# Gulf Shores Sharks



## get ur line wet (Jun 6, 2009)

Decided after working a half day, to hit the shores for the late afternoon bite.
After a long and slow ride to Gulf Shores (heavy, slow traffic), finally put a line in the water at 6pm.
Immediately hooked up before I could get the second line in the water. GF pulls in a small (blacktip?) shark. After a photo session and "show and tell" with the nearby tourist, it was released unharmed.
Over the next two hours, we catch and release, show and tell, fifteen of these sharks. I've never caught more than one of these on any of my previous surf fishing trips.
In the mix were many ladyfish and 4 pompanos :thumbup:!
Not a single catfish.
Just before we decided to leave, the girlfriend starts reeling in a fish when she feels a huge hit and then the line snaps.....bigger blacktip?
A really great two hours of fishing fun.
Good luck to all.


----------



## Razzorduck (Oct 22, 2007)

Looks like a baby Bull Shark.


----------



## Chris V (Oct 18, 2007)

Small tail Shark. They look very similar to the Atlantic Sharpnose but usually lack spots, are gray to slate gray with dark margins on the tail which you can see in the pic. They are also prohibited to harvest


----------



## get ur line wet (Jun 6, 2009)

Thanks Chris. I looked up small tail shark and they fit the description.


----------



## andrethegiant (Sep 14, 2010)

Man I wish I could get back on some pompanos. I have given up on them since I haven't seen one in over a month


----------



## BrakeTurnAccelerate (Jul 1, 2012)

OMG how many tourist did you scare away from GS by catching all those sharks! Imagine the lost revenue for the city/state! (Sarcasm)

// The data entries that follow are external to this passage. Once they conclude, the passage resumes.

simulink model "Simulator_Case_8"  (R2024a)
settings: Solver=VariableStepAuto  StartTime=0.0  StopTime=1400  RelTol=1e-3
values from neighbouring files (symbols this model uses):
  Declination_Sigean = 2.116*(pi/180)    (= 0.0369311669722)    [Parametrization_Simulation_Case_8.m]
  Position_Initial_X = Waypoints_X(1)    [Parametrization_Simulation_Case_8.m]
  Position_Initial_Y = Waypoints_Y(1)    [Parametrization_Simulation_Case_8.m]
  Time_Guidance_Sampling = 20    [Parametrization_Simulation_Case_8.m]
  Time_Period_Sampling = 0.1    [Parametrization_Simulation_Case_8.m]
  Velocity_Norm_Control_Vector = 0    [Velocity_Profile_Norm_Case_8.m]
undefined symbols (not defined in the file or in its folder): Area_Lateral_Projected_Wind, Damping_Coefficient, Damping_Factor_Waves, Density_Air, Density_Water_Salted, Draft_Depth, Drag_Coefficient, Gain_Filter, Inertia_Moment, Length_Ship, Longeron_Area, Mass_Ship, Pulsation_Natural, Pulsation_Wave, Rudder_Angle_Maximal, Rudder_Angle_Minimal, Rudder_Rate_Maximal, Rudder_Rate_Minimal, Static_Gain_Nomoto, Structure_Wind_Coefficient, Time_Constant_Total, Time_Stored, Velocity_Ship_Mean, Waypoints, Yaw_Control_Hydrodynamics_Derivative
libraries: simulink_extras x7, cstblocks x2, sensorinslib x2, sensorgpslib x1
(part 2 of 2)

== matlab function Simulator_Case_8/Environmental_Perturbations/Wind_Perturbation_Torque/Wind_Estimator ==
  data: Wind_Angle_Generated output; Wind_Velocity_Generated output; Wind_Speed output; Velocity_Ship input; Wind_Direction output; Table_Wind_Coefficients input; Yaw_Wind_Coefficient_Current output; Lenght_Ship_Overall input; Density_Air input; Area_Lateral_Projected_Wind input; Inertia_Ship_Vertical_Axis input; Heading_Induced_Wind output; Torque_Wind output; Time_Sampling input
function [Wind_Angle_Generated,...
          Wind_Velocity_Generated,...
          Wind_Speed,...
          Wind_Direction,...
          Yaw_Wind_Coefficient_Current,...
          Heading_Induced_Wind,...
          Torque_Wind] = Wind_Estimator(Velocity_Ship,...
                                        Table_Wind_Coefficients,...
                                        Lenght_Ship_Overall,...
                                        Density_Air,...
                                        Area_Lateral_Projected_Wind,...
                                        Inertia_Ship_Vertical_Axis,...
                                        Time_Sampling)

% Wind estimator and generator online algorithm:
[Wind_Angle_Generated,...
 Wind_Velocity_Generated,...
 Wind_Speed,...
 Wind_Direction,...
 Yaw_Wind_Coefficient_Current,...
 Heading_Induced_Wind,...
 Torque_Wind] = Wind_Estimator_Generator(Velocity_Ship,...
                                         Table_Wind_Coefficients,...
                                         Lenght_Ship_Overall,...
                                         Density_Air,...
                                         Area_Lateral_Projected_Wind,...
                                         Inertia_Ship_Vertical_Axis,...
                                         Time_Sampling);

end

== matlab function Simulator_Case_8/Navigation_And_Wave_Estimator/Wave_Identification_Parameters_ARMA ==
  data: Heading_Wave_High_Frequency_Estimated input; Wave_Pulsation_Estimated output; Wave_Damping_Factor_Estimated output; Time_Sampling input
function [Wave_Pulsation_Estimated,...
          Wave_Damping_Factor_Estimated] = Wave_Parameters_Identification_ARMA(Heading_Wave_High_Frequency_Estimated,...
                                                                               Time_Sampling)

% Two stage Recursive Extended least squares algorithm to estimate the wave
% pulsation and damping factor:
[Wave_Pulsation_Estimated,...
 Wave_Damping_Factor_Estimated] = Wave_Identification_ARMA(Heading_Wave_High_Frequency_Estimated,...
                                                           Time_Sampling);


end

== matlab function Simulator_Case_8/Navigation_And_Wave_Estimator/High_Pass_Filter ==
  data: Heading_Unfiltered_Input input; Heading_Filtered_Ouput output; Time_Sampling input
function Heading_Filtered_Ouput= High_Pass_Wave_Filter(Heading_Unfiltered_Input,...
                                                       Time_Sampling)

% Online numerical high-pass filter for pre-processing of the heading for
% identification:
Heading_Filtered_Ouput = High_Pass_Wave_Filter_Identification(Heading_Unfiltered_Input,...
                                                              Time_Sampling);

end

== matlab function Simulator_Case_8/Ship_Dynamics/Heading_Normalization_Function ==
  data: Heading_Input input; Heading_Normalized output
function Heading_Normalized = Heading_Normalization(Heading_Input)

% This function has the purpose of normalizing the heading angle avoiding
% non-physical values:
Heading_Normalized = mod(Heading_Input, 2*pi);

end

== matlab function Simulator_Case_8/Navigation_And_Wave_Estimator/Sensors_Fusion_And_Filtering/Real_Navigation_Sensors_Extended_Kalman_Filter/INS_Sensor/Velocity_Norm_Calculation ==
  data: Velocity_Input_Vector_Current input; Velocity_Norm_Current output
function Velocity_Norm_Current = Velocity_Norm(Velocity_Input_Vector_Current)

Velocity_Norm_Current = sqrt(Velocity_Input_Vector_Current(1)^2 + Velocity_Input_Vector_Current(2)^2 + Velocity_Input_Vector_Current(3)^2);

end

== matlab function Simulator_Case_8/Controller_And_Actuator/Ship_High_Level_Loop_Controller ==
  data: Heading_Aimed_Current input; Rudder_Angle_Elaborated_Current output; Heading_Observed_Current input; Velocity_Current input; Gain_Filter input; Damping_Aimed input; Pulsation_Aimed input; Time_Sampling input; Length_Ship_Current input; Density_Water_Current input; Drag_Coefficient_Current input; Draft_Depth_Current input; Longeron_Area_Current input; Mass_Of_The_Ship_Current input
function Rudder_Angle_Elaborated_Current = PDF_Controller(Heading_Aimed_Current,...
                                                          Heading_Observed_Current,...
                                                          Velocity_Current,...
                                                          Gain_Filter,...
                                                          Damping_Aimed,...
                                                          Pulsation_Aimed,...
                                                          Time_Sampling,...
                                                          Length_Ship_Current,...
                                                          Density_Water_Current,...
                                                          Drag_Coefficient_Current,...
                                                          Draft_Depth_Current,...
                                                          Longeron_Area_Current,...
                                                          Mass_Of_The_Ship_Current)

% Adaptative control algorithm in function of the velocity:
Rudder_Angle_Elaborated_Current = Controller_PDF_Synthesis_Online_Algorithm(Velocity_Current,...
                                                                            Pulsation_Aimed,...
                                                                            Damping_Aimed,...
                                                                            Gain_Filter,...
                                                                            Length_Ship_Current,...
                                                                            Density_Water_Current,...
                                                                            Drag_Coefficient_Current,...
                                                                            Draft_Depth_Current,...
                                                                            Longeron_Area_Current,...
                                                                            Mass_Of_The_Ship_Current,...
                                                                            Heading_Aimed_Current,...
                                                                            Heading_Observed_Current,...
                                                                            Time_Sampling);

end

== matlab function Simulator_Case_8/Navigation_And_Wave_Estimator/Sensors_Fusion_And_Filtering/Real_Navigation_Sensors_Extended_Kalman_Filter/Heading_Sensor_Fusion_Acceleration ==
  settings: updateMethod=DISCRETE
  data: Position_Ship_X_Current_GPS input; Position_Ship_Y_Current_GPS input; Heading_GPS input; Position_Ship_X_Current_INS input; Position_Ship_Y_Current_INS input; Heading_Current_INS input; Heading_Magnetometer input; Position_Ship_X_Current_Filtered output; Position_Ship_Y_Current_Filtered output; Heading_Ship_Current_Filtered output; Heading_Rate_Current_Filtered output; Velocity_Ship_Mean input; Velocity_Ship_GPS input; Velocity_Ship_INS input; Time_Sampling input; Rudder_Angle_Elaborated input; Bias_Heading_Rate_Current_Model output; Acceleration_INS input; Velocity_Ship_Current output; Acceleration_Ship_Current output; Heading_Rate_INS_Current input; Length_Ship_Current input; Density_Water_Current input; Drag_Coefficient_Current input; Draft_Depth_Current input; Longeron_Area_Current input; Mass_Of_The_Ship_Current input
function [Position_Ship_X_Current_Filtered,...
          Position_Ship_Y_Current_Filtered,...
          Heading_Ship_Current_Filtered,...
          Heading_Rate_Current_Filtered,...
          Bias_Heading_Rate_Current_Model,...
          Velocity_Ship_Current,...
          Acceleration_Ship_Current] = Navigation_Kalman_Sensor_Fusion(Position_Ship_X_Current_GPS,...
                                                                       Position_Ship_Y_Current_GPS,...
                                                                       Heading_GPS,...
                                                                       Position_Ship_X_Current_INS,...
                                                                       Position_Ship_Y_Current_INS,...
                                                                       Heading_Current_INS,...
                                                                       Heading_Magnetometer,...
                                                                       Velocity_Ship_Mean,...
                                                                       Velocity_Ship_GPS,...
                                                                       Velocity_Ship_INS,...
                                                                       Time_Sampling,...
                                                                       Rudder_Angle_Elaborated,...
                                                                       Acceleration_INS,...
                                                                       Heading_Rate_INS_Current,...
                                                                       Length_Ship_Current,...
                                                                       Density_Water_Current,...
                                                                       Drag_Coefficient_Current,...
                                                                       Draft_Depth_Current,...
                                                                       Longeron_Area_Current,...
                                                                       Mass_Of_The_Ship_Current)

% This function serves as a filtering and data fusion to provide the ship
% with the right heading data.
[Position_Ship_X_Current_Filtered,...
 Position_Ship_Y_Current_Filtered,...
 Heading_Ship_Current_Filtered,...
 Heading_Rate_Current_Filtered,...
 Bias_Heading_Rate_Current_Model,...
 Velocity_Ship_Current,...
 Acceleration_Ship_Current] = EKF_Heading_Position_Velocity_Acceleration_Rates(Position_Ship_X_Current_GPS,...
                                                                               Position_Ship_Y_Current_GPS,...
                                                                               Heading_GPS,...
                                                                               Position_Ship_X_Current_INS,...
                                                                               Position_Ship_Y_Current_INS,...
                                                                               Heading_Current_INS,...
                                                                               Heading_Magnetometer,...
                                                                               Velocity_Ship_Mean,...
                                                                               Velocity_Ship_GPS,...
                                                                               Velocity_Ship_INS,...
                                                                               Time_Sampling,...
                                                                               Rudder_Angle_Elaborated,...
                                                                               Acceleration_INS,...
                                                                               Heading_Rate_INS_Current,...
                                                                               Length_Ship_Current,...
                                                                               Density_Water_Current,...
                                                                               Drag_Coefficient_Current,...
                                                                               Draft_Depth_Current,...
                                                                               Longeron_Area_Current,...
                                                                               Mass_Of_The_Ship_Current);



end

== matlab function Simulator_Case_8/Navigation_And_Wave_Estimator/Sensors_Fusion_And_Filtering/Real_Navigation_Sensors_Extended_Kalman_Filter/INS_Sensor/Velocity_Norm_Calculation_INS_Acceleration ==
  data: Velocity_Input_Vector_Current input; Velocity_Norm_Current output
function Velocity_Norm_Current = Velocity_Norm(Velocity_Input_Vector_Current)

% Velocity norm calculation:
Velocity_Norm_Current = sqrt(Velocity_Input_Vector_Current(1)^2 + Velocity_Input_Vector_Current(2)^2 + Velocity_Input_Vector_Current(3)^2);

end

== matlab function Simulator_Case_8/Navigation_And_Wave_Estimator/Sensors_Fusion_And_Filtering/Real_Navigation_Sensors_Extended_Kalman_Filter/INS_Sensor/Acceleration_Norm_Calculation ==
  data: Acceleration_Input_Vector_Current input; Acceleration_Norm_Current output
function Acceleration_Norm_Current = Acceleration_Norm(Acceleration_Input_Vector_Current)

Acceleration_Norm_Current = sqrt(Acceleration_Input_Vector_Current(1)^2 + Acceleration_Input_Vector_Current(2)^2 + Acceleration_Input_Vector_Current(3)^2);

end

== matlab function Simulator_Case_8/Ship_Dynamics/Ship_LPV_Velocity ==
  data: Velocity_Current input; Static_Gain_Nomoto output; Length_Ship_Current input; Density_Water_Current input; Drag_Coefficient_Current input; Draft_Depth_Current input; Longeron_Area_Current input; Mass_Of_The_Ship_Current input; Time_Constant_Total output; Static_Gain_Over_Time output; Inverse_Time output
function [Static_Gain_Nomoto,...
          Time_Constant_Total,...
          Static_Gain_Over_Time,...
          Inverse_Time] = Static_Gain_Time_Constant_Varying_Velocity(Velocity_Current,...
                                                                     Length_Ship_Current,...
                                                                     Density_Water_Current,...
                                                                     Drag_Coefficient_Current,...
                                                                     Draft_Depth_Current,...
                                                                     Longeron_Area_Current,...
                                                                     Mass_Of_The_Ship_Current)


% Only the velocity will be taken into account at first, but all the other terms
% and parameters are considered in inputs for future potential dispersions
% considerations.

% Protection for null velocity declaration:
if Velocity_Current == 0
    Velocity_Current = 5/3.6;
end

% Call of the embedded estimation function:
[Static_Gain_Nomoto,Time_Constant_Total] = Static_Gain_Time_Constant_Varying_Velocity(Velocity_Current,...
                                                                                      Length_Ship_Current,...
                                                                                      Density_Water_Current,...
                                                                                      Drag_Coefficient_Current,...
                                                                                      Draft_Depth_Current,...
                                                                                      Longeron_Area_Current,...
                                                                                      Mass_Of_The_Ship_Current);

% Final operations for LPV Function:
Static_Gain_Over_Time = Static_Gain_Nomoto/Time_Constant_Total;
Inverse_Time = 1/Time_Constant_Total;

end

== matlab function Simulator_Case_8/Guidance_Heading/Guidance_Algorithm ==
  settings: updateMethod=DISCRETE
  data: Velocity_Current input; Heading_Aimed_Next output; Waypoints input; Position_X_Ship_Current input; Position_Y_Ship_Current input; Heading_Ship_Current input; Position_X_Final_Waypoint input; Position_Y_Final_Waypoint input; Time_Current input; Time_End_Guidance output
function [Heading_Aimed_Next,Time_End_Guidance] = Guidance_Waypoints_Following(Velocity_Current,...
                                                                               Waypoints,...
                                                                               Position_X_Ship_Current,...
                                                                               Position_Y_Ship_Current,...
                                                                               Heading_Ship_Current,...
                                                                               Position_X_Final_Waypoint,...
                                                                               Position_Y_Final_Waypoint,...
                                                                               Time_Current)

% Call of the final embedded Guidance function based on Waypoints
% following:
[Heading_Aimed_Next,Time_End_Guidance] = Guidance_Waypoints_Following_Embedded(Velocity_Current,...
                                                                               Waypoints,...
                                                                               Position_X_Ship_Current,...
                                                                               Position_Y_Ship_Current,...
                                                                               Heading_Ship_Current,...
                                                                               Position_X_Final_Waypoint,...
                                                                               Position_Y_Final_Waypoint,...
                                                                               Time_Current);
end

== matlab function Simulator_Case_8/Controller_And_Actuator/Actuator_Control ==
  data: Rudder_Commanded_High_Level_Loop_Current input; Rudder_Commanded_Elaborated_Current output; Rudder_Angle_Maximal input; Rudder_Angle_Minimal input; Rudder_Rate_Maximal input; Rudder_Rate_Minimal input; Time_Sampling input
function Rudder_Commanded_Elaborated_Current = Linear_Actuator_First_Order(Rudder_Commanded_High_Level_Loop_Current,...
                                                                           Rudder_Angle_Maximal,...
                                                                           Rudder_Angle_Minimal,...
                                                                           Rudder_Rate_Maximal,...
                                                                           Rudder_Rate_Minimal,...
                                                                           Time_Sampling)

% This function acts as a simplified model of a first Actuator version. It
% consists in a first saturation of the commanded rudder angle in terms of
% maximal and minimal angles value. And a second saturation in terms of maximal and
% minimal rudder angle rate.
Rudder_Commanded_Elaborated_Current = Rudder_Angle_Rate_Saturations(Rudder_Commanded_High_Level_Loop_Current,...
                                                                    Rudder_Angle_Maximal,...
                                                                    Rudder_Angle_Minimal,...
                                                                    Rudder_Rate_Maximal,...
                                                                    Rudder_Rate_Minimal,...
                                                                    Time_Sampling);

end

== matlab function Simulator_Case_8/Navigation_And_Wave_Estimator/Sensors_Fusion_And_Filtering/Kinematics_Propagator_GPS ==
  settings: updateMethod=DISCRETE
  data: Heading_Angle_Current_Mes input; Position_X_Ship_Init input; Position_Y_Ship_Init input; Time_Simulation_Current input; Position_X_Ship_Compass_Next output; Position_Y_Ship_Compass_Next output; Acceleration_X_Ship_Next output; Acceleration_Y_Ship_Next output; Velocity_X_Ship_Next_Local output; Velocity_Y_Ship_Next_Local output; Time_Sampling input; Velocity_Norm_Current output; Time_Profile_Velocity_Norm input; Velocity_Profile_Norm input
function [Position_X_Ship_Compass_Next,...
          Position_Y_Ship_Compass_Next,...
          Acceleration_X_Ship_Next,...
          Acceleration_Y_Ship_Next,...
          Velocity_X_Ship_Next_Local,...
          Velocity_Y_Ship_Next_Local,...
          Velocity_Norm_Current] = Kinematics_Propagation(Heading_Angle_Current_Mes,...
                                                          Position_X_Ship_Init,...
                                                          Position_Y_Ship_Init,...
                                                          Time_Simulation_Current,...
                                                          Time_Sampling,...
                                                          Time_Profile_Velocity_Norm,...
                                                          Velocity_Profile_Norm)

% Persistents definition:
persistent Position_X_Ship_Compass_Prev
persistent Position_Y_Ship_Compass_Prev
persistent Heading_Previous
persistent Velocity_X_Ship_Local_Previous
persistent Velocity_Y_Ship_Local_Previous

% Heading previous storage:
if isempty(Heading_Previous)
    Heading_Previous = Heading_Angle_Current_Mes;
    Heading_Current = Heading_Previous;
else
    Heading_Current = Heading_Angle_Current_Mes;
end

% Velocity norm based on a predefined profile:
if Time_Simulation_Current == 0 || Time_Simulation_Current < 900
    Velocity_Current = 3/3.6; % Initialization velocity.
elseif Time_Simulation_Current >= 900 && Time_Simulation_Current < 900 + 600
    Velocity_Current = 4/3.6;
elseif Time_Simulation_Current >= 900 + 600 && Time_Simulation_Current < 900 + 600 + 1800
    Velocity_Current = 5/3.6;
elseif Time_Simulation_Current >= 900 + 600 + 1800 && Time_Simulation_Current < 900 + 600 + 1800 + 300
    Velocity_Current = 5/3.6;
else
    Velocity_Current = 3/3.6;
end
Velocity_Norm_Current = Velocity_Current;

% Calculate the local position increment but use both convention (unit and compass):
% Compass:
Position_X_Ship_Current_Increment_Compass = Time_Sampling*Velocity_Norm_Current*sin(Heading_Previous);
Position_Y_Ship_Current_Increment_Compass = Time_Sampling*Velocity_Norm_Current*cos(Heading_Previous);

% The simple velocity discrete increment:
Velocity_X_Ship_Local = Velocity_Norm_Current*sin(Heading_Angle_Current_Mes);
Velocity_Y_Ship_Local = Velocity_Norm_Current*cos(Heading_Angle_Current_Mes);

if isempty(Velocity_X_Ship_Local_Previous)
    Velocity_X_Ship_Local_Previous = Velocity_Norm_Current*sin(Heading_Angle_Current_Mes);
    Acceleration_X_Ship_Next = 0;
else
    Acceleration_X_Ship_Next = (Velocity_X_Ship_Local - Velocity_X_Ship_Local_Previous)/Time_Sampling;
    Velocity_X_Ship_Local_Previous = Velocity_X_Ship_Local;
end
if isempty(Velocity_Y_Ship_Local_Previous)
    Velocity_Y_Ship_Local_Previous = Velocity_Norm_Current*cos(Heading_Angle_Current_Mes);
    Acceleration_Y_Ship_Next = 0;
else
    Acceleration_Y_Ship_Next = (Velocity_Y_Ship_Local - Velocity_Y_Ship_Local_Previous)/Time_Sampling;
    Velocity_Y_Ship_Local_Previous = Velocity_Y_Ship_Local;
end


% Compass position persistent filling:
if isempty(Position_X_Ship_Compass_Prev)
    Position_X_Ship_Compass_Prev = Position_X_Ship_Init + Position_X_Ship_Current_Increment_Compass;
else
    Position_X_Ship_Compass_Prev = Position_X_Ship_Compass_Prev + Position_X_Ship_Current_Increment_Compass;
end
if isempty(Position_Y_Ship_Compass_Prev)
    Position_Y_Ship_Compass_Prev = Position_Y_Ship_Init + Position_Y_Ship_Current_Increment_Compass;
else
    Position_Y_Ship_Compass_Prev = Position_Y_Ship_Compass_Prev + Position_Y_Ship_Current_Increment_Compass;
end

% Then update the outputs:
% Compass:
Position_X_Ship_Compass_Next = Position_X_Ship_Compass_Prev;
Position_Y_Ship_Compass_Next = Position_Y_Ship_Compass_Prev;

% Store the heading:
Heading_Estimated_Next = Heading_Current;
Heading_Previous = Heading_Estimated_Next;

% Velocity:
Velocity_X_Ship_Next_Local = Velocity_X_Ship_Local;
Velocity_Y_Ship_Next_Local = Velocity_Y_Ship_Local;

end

Looks like you had a great time! If you don't mind me asking, where in GS did you go?


----------



## get ur line wet (Jun 6, 2009)

BTA, I usually fish at the Gulf Shores Pavilion. The girlfriend likes the facilities. The only problem is we have to move away from the crowd. This time we went to the far east end.
All fish were caught using fresh peeled shrimp. Forgot the sand flea rake.


----------



## Dennymac (Jun 30, 2013)

get ur line wet said:


> BTA, I usually fish at the Gulf Shores Pavilion. The girlfriend likes the facilities. The only problem is we have to move away from the crowd. This time we went to the far east end.
> All fish were caught using fresh peeled shrimp. Forgot the sand flea rake.


Nice catch!! I have a very stupid question. Are the fresh peeled shrimp the type we buy to eat? You just peel them and hook them up? Sorry, I'm in Michigan, but will be going to Destin in just over 3 weeks and can't wait to surf fish.

Thanks.


----------



## get ur line wet (Jun 6, 2009)

Dennymac, if your lucky, the nearest bait shop will have "fresh dead" bait shrimp. If not, then they will likely have frozen bait shrimp. You can use any shrimp for bait, but peel them for sure.
There's lots of good information about surf fishing in the Q & A section.
Good Luck!


----------